#ubuntu-fridge 2006-10-31
<sladen> nixternal Seveas whiprush: http://fridge.ubuntu.com/node/619
<nixternal> i can't do nothing with it
<nixternal> it is cool though
<nixternal> i get the Coming Soon!
<whiprush> sladen: haha that's awesome
<whiprush> want me to approve?
<sladen> whiprush: well, to spell-check, grammar check/fix and *then* approve it :)
<whiprush> I assumed that, heh
<nixternal> it looked good to me
<nixternal> my pumpkins got smashed..damn kids do what i used to do, still
<ubotu> New on thefridge: Phosphorus Pumpkin Released! Happy Halloween. <http://fridge.ubuntu.com/node/619>
<ubotu> New on thefridge: Retiring Hoary <http://fridge.ubuntu.com/node/622> || Living on the lighter Edge: Announcing Xubuntu 6.10 <http://fridge.ubuntu.com/node/621>
<ubotu> New on thefridge: Retiring Hoary: Ubuntu 5.04 reaches end-of-life for security support <http://fridge.ubuntu.com/node/622>
#ubuntu-fridge 2006-11-01
<jdub> http://xkcd.com/c178.html
<jdub> lollerskates.
<jdub> btw, stop putting stuff in the press feed. :-)
<jdub> actually
<jdub> lca2007.linux.org.au/Programme
<jdub> some interesting ubuntu-relevant stuff there
<jdub> might be ripe for fridge pimping
<jdub> now that the programme is out and regos are open
<jdub> *swoosh*
<jdub> oh, and the new drupal is quite cool
<jdub> would improve some fridge things upgrading to it
#ubuntu-fridge 2006-11-02
<robitaille> I have added in the queue small articles for UbuntuNews #20, and the Behind Ubuntu interview of raphink.

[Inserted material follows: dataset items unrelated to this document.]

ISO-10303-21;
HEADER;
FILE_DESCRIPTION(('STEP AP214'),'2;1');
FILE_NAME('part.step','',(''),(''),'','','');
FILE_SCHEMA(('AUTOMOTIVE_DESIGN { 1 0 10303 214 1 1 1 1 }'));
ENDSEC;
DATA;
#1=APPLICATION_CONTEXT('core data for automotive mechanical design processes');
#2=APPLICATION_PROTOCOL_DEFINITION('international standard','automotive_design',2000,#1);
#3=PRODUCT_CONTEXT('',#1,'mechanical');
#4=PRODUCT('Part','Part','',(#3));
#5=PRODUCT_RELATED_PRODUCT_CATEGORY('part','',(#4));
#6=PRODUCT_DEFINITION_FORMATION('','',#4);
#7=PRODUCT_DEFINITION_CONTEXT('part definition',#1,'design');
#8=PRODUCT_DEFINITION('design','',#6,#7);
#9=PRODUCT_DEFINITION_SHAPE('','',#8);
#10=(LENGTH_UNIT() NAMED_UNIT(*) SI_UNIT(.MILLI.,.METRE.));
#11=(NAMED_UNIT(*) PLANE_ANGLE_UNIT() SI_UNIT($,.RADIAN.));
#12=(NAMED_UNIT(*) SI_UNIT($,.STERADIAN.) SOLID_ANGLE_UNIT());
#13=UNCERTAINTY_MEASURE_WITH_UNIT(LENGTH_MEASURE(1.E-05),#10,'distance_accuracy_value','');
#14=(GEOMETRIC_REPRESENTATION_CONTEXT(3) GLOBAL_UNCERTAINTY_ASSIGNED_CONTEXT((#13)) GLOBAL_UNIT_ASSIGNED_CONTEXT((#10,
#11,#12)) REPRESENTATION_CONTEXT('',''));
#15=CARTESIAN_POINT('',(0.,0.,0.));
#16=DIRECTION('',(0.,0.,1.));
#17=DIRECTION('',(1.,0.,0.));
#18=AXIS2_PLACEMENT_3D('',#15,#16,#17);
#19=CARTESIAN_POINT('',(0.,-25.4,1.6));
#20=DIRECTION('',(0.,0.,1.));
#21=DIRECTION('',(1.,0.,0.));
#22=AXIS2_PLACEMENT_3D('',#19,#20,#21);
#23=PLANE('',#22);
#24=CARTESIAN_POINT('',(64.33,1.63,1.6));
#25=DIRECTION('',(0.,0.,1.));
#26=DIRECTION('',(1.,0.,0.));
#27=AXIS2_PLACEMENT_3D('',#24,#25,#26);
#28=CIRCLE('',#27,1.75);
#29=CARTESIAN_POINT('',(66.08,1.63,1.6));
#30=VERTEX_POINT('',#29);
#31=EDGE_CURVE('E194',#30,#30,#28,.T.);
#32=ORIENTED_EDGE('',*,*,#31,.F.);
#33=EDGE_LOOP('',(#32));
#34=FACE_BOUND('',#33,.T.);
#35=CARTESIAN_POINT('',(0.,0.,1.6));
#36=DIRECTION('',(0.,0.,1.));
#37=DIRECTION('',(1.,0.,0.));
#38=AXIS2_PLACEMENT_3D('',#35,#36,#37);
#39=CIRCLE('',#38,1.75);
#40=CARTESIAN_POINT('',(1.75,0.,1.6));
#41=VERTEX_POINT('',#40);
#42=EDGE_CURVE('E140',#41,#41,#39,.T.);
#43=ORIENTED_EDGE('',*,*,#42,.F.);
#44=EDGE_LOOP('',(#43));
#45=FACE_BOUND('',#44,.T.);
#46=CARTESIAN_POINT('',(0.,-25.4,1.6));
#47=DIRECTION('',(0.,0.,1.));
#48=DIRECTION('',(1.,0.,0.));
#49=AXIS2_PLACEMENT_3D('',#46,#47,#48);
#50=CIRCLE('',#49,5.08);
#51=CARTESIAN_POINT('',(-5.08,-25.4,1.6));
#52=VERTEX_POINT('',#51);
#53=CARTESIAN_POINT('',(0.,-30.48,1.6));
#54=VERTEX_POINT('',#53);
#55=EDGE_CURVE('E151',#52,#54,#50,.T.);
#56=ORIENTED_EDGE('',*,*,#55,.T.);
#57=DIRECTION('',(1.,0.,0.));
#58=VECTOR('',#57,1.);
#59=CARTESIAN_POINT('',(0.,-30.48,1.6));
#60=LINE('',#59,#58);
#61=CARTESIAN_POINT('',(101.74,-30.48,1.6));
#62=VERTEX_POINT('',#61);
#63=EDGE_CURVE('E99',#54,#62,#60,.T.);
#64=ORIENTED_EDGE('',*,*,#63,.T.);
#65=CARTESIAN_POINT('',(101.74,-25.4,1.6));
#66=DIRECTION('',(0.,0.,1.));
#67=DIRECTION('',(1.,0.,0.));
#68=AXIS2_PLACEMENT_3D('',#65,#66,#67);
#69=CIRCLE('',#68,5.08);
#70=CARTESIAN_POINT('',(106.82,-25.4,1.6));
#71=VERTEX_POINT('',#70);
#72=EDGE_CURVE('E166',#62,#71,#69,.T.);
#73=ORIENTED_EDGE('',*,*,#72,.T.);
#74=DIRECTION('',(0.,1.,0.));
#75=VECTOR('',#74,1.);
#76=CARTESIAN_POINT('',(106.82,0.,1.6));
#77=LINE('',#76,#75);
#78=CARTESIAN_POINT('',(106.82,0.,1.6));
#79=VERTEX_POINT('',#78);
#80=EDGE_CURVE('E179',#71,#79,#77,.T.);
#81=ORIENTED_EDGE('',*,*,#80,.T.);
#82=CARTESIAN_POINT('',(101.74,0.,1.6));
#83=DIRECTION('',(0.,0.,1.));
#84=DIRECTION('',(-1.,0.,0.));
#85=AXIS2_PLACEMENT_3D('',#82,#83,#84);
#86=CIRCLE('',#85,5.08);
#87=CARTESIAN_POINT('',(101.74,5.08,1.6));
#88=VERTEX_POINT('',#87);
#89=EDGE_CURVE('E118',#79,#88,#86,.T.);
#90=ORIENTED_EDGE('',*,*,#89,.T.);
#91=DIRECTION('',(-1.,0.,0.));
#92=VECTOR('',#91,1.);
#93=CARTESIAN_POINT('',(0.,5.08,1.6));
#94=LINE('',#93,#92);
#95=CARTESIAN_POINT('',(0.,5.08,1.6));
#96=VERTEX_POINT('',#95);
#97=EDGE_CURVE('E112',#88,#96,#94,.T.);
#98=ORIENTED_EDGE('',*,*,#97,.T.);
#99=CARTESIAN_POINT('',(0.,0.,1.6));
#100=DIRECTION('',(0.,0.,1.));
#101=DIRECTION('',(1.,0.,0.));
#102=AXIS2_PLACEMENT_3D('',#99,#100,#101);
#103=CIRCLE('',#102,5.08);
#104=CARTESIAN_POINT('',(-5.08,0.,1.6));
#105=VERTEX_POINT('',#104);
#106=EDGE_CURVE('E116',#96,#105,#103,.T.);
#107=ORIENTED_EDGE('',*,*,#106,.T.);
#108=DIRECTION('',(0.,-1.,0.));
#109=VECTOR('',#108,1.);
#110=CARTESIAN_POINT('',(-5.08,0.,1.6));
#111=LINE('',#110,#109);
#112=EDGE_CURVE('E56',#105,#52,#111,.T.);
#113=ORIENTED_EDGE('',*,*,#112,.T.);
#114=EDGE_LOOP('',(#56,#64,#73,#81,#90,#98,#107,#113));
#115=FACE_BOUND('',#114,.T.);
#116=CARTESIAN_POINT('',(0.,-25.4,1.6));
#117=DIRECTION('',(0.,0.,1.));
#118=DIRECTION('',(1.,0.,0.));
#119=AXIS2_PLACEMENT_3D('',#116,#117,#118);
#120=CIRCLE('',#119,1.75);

<robitaille> but for the later  I can't seem to be able to display a picture in the story  There must be a trick, but it escape me this late in the evening...
* Starting logfile irclogs/ubuntu-fridge.log
<nixternal> we need to get something from Mark concerning the recent partnership of Microsoft and Novell, that gives Microsoft direct access to SuSE to help work with Windows and to also offer support to SuSE...is this a move that could hurt Novell and SuSE in the open source arena, and possibly help Ubuntu succede in a new market?
#ubuntu-fridge 2006-11-03
<ubotu> New on thefridge: Weekly News #20: Edgy coverage and a request to mirror admins <http://fridge.ubuntu.com/node/631>
#ubuntu-fridge 2006-11-05
<ubotu> New on thefridge: Launchpad in October: Bazaar and Mirror additions <http://fridge.ubuntu.com/node/624>
#ubuntu-fridge 2007-10-29
<Burgundavia_> popey: can you proof something for me?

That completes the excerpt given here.